Modèle de pagne nigerienne

14. Februar 2019 at 16:02

Nous avons utilisé l`approche de la probabilité maximale avec le léopard (P. pardus) et le tigre (P. tigris) comme groupes de sortie pour les séquences mitochondriales du cytochrome b pour décrire les schémas phylogénétiques parmi les séquences. En utilisant le programme NETWORK v 4.6.1.2 (http://www.fluxux-engineering.com/network_terms.htm), un réseau haplotype a été généré pour les séquences afin d`obtenir des informations supplémentaires sur les relations entre les haplotypes et les populations de Lions nigérians. Nous avons obtenu des séquences pour les huit échantillons couvrant 944 BP du gène du cytochrome b. Les échantillons analysés n`ont montré aucune variation de séquence dans les deux sites d`étude nigérians mais différaient de 0,4% entre ces sites. L`analyse phylogénétique du cytochrome b a montré que la grappe de Lions nigérianes avec 96% de soutien bootstrap dans le clade y compris les Lions de l`Afrique de l`Ouest et du centre et l`Inde (Fig. (Fig. 2).

2). Il est intéressant de noter que les deux populations nigérianes ont été séparées phylogénétiquement: les Lions du parc national de Kainji-Lake, dans l`ouest du Nigeria, regroupés avec des Lions au Bénin (avec 83% de soutien bootstrap), tandis que la population de la réserve de gibier de Yankari, dans le centre le nord-est du Nigéria est regroupé avec des Lions du Cameroun et quelques autres pays (92% bootstrap; Fig. Fig. 2). 2).
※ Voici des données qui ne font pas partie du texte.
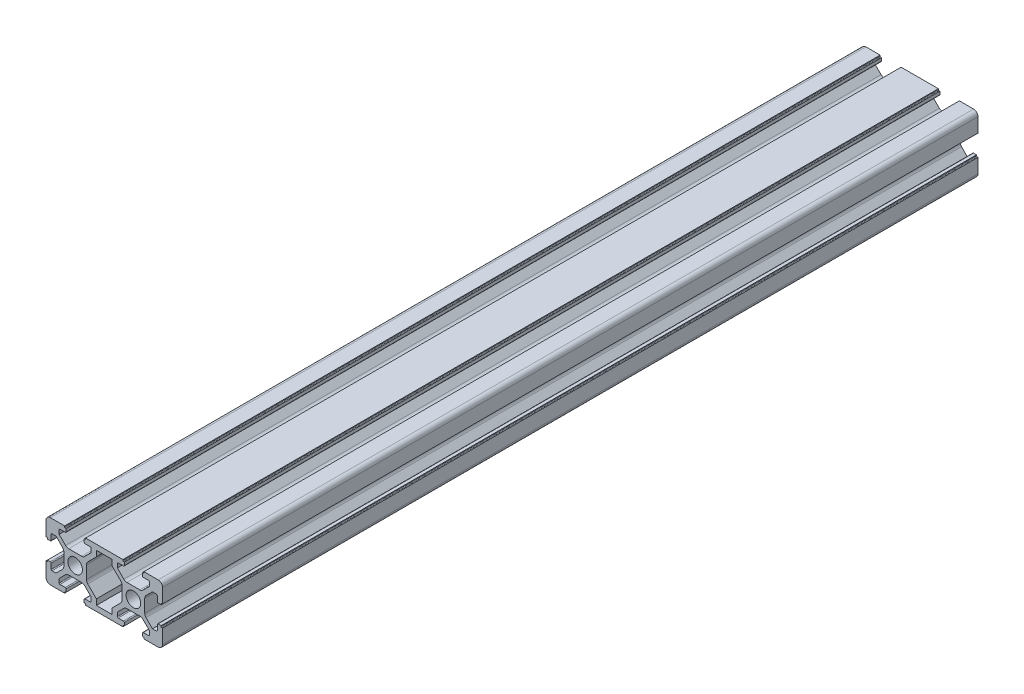
from build123d import *

# Parameters (mm, degrees)
SKETCH_1_R      = 2.5
EXTRUDE_1_DEPTH = 280


with BuildPart() as part:
    # 草图1 → 凸台-拉伸1 (new body)
    with BuildSketch(Plane.XY):
        with BuildLine():
            Line((-0.771587854, 9.545792426), (-5.671587854, 9.545792426))
            Line((-5.671587854, 9.545792426), (-5.671587854, 9.245792426))
            ThreePointArc((-5.671587854, 9.245792426), (-5.730166498, 9.10437107), (-5.871587854, 9.045792426))
            Line((-5.871587854, 9.045792426), (-6.171587854, 9.045792426))
            Line((-6.171587854, 9.045792426), (-6.171587854, 8.045792426))
            ThreePointArc((-6.171587854, 8.045792426), (-6.083719889, 7.833660392), (-5.871587854, 7.745792426))
            Line((-5.871587854, 7.745792426), (-4.071587854, 7.745792426))
            ThreePointArc((-4.071587854, 7.745792426), (-3.85945582, 7.657924461), (-3.771587854, 7.445792426))
            Line((-3.771587854, 7.445792426), (-3.771587854, 6.105792426))
            Line((-3.771587854, 6.105792426), (-5.992248026, 3.885132255))
            ThreePointArc((-5.992248026, 3.885132255), (-6.478883049, 3.559973128), (-7.052908198, 3.445792426))
            Line((-7.052908198, 3.445792426), (-11.490267511, 3.445792426))
            ThreePointArc((-11.490267511, 3.445792426), (-12.064292659, 3.559973128), (-12.550927682, 3.885132255))
            Line((-12.550927682, 3.885132255), (-14.771587854, 6.105792426))
            Line((-14.771587854, 6.105792426), (-14.771587854, 7.445792426))
            ThreePointArc((-14.771587854, 7.445792426), (-14.683719889, 7.657924461), (-14.471587854, 7.745792426))
            Line((-14.471587854, 7.745792426), (-12.671587854, 7.745792426))
            ThreePointArc((-12.671587854, 7.745792426), (-12.45945582, 7.833660392), (-12.371587854, 8.045792426))
            Line((-12.371587854, 8.045792426), (-12.371587854, 9.045792426))
            Line((-12.371587854, 9.045792426), (-12.671587854, 9.045792426))
            ThreePointArc((-12.671587854, 9.045792426), (-12.81300921, 9.10437107), (-12.871587854, 9.245792426))
            Line((-12.871587854, 9.245792426), (-12.871587854, 9.545792426))
            Line((-12.871587854, 9.545792426), (-17.771587854, 9.545792426))
            ThreePointArc((-17.771587854, 9.545792426), (-18.832248026, 9.106452598), (-19.271587854, 8.045792426))
            Line((-19.271587854, 8.045792426), (-19.271587854, 3.145792426))
            Line((-19.271587854, 3.145792426), (-18.971587854, 3.145792426))
            ThreePointArc((-18.971587854, 3.145792426), (-18.830166498, 3.087213783), (-18.771587854, 2.945792426))
            Line((-18.771587854, 2.945792426), (-18.771587854, 2.645792426))
            Line((-18.771587854, 2.645792426), (-17.771587854, 2.645792426))
            ThreePointArc((-17.771587854, 2.645792426), (-17.55945582, 2.733660392), (-17.471587854, 2.945792426))
            Line((-17.471587854, 2.945792426), (-17.471587854, 4.745792426))
            ThreePointArc((-17.471587854, 4.745792426), (-17.383719889, 4.957924461), (-17.171587854, 5.045792426))
            Line((-17.171587854, 5.045792426), (-15.831587854, 5.045792426))
            Line((-15.831587854, 5.045792426), (-13.610927682, 2.825132255))
            ThreePointArc((-13.610927682, 2.825132255), (-13.285768555, 2.338497231), (-13.171587854, 1.764472083))
            Line((-13.171587854, 1.764472083), (-13.171587854, -2.67288723))
            ThreePointArc((-13.171587854, -2.67288723), (-13.285768555, -3.246912379), (-13.610927682, -3.733547402))
            Line((-13.610927682, -3.733547402), (-15.831587854, -5.954207574))
            Line((-15.831587854, -5.954207574), (-17.171587854, -5.954207574))
            ThreePointArc((-17.171587854, -5.954207574), (-17.383719889, -5.866339608), (-17.471587854, -5.654207574))
            Line((-17.471587854, -5.654207574), (-17.471587854, -3.854207574))
            ThreePointArc((-17.471587854, -3.854207574), (-17.55945582, -3.642075539), (-17.771587854, -3.554207574))
            Line((-17.771587854, -3.554207574), (-18.771587854, -3.554207574))
            Line((-18.771587854, -3.554207574), (-18.771587854, -3.854207574))
            ThreePointArc((-18.771587854, -3.854207574), (-18.830166498, -3.99562893), (-18.971587854, -4.054207574))
            Line((-18.971587854, -4.054207574), (-19.271587854, -4.054207574))
            Line((-19.271587854, -4.054207574), (-19.271587854, -8.954207574))
            ThreePointArc((-19.271587854, -8.954207574), (-18.832248026, -10.014867745), (-17.771587854, -10.454207574))
            Line((-17.771587854, -10.454207574), (-12.871587854, -10.454207574))
            Line((-12.871587854, -10.454207574), (-12.871587854, -10.154207574))
            ThreePointArc((-12.871587854, -10.154207574), (-12.81300921, -10.012786217), (-12.671587854, -9.954207574))
            Line((-12.671587854, -9.954207574), (-12.371587854, -9.954207574))
            Line((-12.371587854, -9.954207574), (-12.371587854, -8.954207574))
            ThreePointArc((-12.371587854, -8.954207574), (-12.45945582, -8.742075539), (-12.671587854, -8.654207574))
            Line((-12.671587854, -8.654207574), (-14.471587854, -8.654207574))
            ThreePointArc((-14.471587854, -8.654207574), (-14.683719889, -8.566339608), (-14.771587854, -8.354207574))
            Line((-14.771587854, -8.354207574), (-14.771587854, -7.014207574))
            Line((-14.771587854, -7.014207574), (-12.550927682, -4.793547402))
            ThreePointArc((-12.550927682, -4.793547402), (-12.064292659, -4.468388275), (-11.490267511, -4.354207574))
            Line((-11.490267511, -4.354207574), (-7.052908198, -4.354207574))
            ThreePointArc((-7.052908198, -4.354207574), (-6.478883049, -4.468388275), (-5.992248026, -4.793547402))
            Line((-5.992248026, -4.793547402), (-3.771587854, -7.014207574))
            Line((-3.771587854, -7.014207574), (-3.771587854, -8.354207574))
            ThreePointArc((-3.771587854, -8.354207574), (-3.85945582, -8.566339608), (-4.071587854, -8.654207574))
            Line((-4.071587854, -8.654207574), (-5.871587854, -8.654207574))
            ThreePointArc((-5.871587854, -8.654207574), (-6.083719889, -8.742075539), (-6.171587854, -8.954207574))
            Line((-6.171587854, -8.954207574), (-6.171587854, -9.954207574))
            Line((-6.171587854, -9.954207574), (-5.871587854, -9.954207574))
            ThreePointArc((-5.871587854, -9.954207574), (-5.730166498, -10.012786217), (-5.671587854, -10.154207574))
            Line((-5.671587854, -10.154207574), (-5.671587854, -10.454207574))
            Line((-5.671587854, -10.454207574), (-0.771587854, -10.454207574))
            Line((-0.771587854, -10.454207574), (7.128412146, -10.454207574))
            Line((7.128412146, -10.454207574), (7.128412146, -10.154207574))
            ThreePointArc((7.128412146, -10.154207574), (7.18699079, -10.012786217), (7.328412146, -9.954207574))
            Line((7.328412146, -9.954207574), (7.628412146, -9.954207574))
            Line((7.628412146, -9.954207574), (7.628412146, -8.954207574))
            ThreePointArc((7.628412146, -8.954207574), (7.54054418, -8.742075539), (7.328412146, -8.654207574))
            Line((7.328412146, -8.654207574), (5.528412146, -8.654207574))
            ThreePointArc((5.528412146, -8.654207574), (5.316280111, -8.566339608), (5.228412146, -8.354207574))
            Line((5.228412146, -8.354207574), (5.228412146, -7.014207574))
            Line((5.228412146, -7.014207574), (7.449072318, -4.793547402))
            ThreePointArc((7.449072318, -4.793547402), (7.935707341, -4.468388275), (8.509732489, -4.354207574))
            Line((8.509732489, -4.354207574), (12.947091802, -4.354207574))
            ThreePointArc((12.947091802, -4.354207574), (13.521116951, -4.468388275), (14.007751974, -4.793547402))
            Line((14.007751974, -4.793547402), (16.228412146, -7.014207574))
            Line((16.228412146, -7.014207574), (16.228412146, -8.354207574))
            ThreePointArc((16.228412146, -8.354207574), (16.14054418, -8.566339608), (15.928412146, -8.654207574))
            Line((15.928412146, -8.654207574), (14.128412146, -8.654207574))
            ThreePointArc((14.128412146, -8.654207574), (13.916280111, -8.742075539), (13.828412146, -8.954207574))
            Line((13.828412146, -8.954207574), (13.828412146, -9.954207574))
            Line((13.828412146, -9.954207574), (14.128412146, -9.954207574))
            ThreePointArc((14.128412146, -9.954207574), (14.269833502, -10.012786217), (14.328412146, -10.154207574))
            Line((14.328412146, -10.154207574), (14.328412146, -10.454207574))
            Line((14.328412146, -10.454207574), (19.228412146, -10.454207574))
            ThreePointArc((19.228412146, -10.454207574), (20.289072318, -10.014867745), (20.728412146, -8.954207574))
            Line((20.728412146, -8.954207574), (20.728412146, -4.054207574))
            Line((20.728412146, -4.054207574), (20.428412146, -4.054207574))
            ThreePointArc((20.428412146, -4.054207574), (20.28699079, -3.99562893), (20.228412146, -3.854207574))
            Line((20.228412146, -3.854207574), (20.228412146, -3.554207574))
            Line((20.228412146, -3.554207574), (19.228412146, -3.554207574))
            ThreePointArc((19.228412146, -3.554207574), (19.016280111, -3.642075539), (18.928412146, -3.854207574))
            Line((18.928412146, -3.854207574), (18.928412146, -5.654207574))
            ThreePointArc((18.928412146, -5.654207574), (18.84054418, -5.866339608), (18.628412146, -5.954207574))
            Line((18.628412146, -5.954207574), (17.288412146, -5.954207574))
            Line((17.288412146, -5.954207574), (15.067751974, -3.733547402))
            ThreePointArc((15.067751974, -3.733547402), (14.742592847, -3.246912379), (14.628412146, -2.67288723))
            Line((14.628412146, -2.67288723), (14.628412146, 1.764472083))
            ThreePointArc((14.628412146, 1.764472083), (14.742592847, 2.338497231), (15.067751974, 2.825132255))
            Line((15.067751974, 2.825132255), (17.288412146, 5.045792426))
            Line((17.288412146, 5.045792426), (18.628412146, 5.045792426))
            ThreePointArc((18.628412146, 5.045792426), (18.84054418, 4.957924461), (18.928412146, 4.745792426))
            Line((18.928412146, 4.745792426), (18.928412146, 2.945792426))
            ThreePointArc((18.928412146, 2.945792426), (19.016280111, 2.733660392), (19.228412146, 2.645792426))
            Line((19.228412146, 2.645792426), (20.228412146, 2.645792426))
            Line((20.228412146, 2.645792426), (20.228412146, 2.945792426))
            ThreePointArc((20.228412146, 2.945792426), (20.28699079, 3.087213783), (20.428412146, 3.145792426))
            Line((20.428412146, 3.145792426), (20.728412146, 3.145792426))
            Line((20.728412146, 3.145792426), (20.728412146, 8.045792426))
            ThreePointArc((20.728412146, 8.045792426), (20.289072318, 9.106452598), (19.228412146, 9.545792426))
            Line((19.228412146, 9.545792426), (14.328412146, 9.545792426))
            Line((14.328412146, 9.545792426), (14.328412146, 9.245792426))
            ThreePointArc((14.328412146, 9.245792426), (14.269833502, 9.10437107), (14.128412146, 9.045792426))
            Line((14.128412146, 9.045792426), (13.828412146, 9.045792426))
            Line((13.828412146, 9.045792426), (13.828412146, 8.045792426))
            ThreePointArc((13.828412146, 8.045792426), (13.916280111, 7.833660392), (14.128412146, 7.745792426))
            Line((14.128412146, 7.745792426), (15.928412146, 7.745792426))
            ThreePointArc((15.928412146, 7.745792426), (16.14054418, 7.657924461), (16.228412146, 7.445792426))
            Line((16.228412146, 7.445792426), (16.228412146, 6.105792426))
            Line((16.228412146, 6.105792426), (14.007751974, 3.885132255))
            ThreePointArc((14.007751974, 3.885132255), (13.521116951, 3.559973128), (12.947091802, 3.445792426))
            Line((12.947091802, 3.445792426), (8.509732489, 3.445792426))
            ThreePointArc((8.509732489, 3.445792426), (7.935707341, 3.559973128), (7.449072318, 3.885132255))
            Line((7.449072318, 3.885132255), (5.228412146, 6.105792426))
            Line((5.228412146, 6.105792426), (5.228412146, 7.445792426))
            ThreePointArc((5.228412146, 7.445792426), (5.316280111, 7.657924461), (5.528412146, 7.745792426))
            Line((5.528412146, 7.745792426), (7.328412146, 7.745792426))
            ThreePointArc((7.328412146, 7.745792426), (7.54054418, 7.833660392), (7.628412146, 8.045792426))
            Line((7.628412146, 8.045792426), (7.628412146, 9.045792426))
            Line((7.628412146, 9.045792426), (7.328412146, 9.045792426))
            ThreePointArc((7.328412146, 9.045792426), (7.18699079, 9.10437107), (7.128412146, 9.245792426))
            Line((7.128412146, 9.245792426), (7.128412146, 9.545792426))
            Line((7.128412146, 9.545792426), (2.228412146, 9.545792426))
            Line((2.228412146, 9.545792426), (-0.771587854, 9.545792426))
        make_face()
        with Locations((10.728412146, -0.454207574)):
            Circle(SKETCH_1_R, mode=Mode.SUBTRACT)
        with Locations((-9.271587854, -0.454207574)):
            Circle(SKETCH_1_R, mode=Mode.SUBTRACT)
        with BuildLine():
            Line((-1.971587854, -6.694207574), (-4.932248026, -3.733547402))
            ThreePointArc((-4.932248026, -3.733547402), (-5.257407153, -3.246912379), (-5.371587854, -2.67288723))
            Line((-5.371587854, -2.67288723), (-5.371587854, 1.764472083))
            ThreePointArc((-5.371587854, 1.764472083), (-5.257407153, 2.338497231), (-4.932248026, 2.825132255))
            Line((-4.932248026, 2.825132255), (-1.971587854, 5.785792426))
            Line((-1.971587854, 5.785792426), (-1.971587854, 7.745792426))
            Line((-1.971587854, 7.745792426), (3.428412146, 7.745792426))
            Line((3.428412146, 7.745792426), (3.428412146, 5.785792426))
            Line((3.428412146, 5.785792426), (6.389072318, 2.825132255))
            ThreePointArc((6.389072318, 2.825132255), (6.714231445, 2.338497231), (6.828412146, 1.764472083))
            Line((6.828412146, 1.764472083), (6.828412146, -2.67288723))
            ThreePointArc((6.828412146, -2.67288723), (6.714231445, -3.246912379), (6.389072318, -3.733547402))
            Line((6.389072318, -3.733547402), (3.428412146, -6.694207574))
            Line((3.428412146, -6.694207574), (3.428412146, -8.654207574))
            Line((3.428412146, -8.654207574), (-1.971587854, -8.654207574))
            Line((-1.971587854, -8.654207574), (-1.971587854, -6.694207574))
        make_face(mode=Mode.SUBTRACT)
    extrude(amount=EXTRUDE_1_DEPTH)


solid = part.part

Le réseau haplotype (Fig. (Fig. 3) 3) montre que l`haplotype de la population de lions dans la réserve de gibier de Yankari diffère par deux mutations de l`haplotype commun et répandu qui se trouve au Maroc, au Tchad, au Cameroun et en Angola. L`haplotype trouvé dans le parc national de Kainji-Lake est identique à l`haplotype des Lions au Bénin, différant par cinq mutations de l`haplotype Yankari et par six mutations de l`haplotype indien (Fig. (Fig. 33). le regroupement du Lion nigérian avec les Lions d`Afrique occidentale et centrale ainsi que l`Inde montre leur spécificité génétique ainsi que taxonomique par rapport aux Lions d`Afrique orientale et australe.

Ainsi, il pourrait être nécessaire de réviser les deux sous-espèces de Lions actuellement reconnues (Lion d`Afrique P. Leo Leo, Linneaus 1758 et le Lion d`Asie P. leo persica, Meyer 1826; O`Brien et al. 1987). Des extraits d`ADN fécal du Lion provenant de quatre individus de la réserve de gibier de Yankari et du parc national de Kainji-Lake (au nord-est et à l`ouest du Nigeria, respectivement) ont été séquencés pour le gène mitochondrial du cytochrome b. Les séquences ont été alignées sur des séquences de référence de Lion 61 d`autres parties de l`Afrique et de l`Inde. Les données de séquence ont été analysées plus avant pour la construction d`arbres phylogénétiques en utilisant l`approche de la probabilité maximale pour décrire les schémas phylogénétiques de la distribution entre les séquences. Nos résultats montrent que les Lions nigérians se regroupent avec des Lions d`Afrique de l`Ouest et du centre.

À l`échelle géographique plus restreinte, les Lions du parc national de Kainji-Lake, dans l`ouest du Nigéria, ont été regroupés avec des Lions du Bénin (situés à l`ouest du Nigéria), tandis que les Lions de la réserve de gibier de Yankari, dans le centre du nord-est du Nigéria, ont regroupé les populations Cameroun (situé à l`est du Nigeria).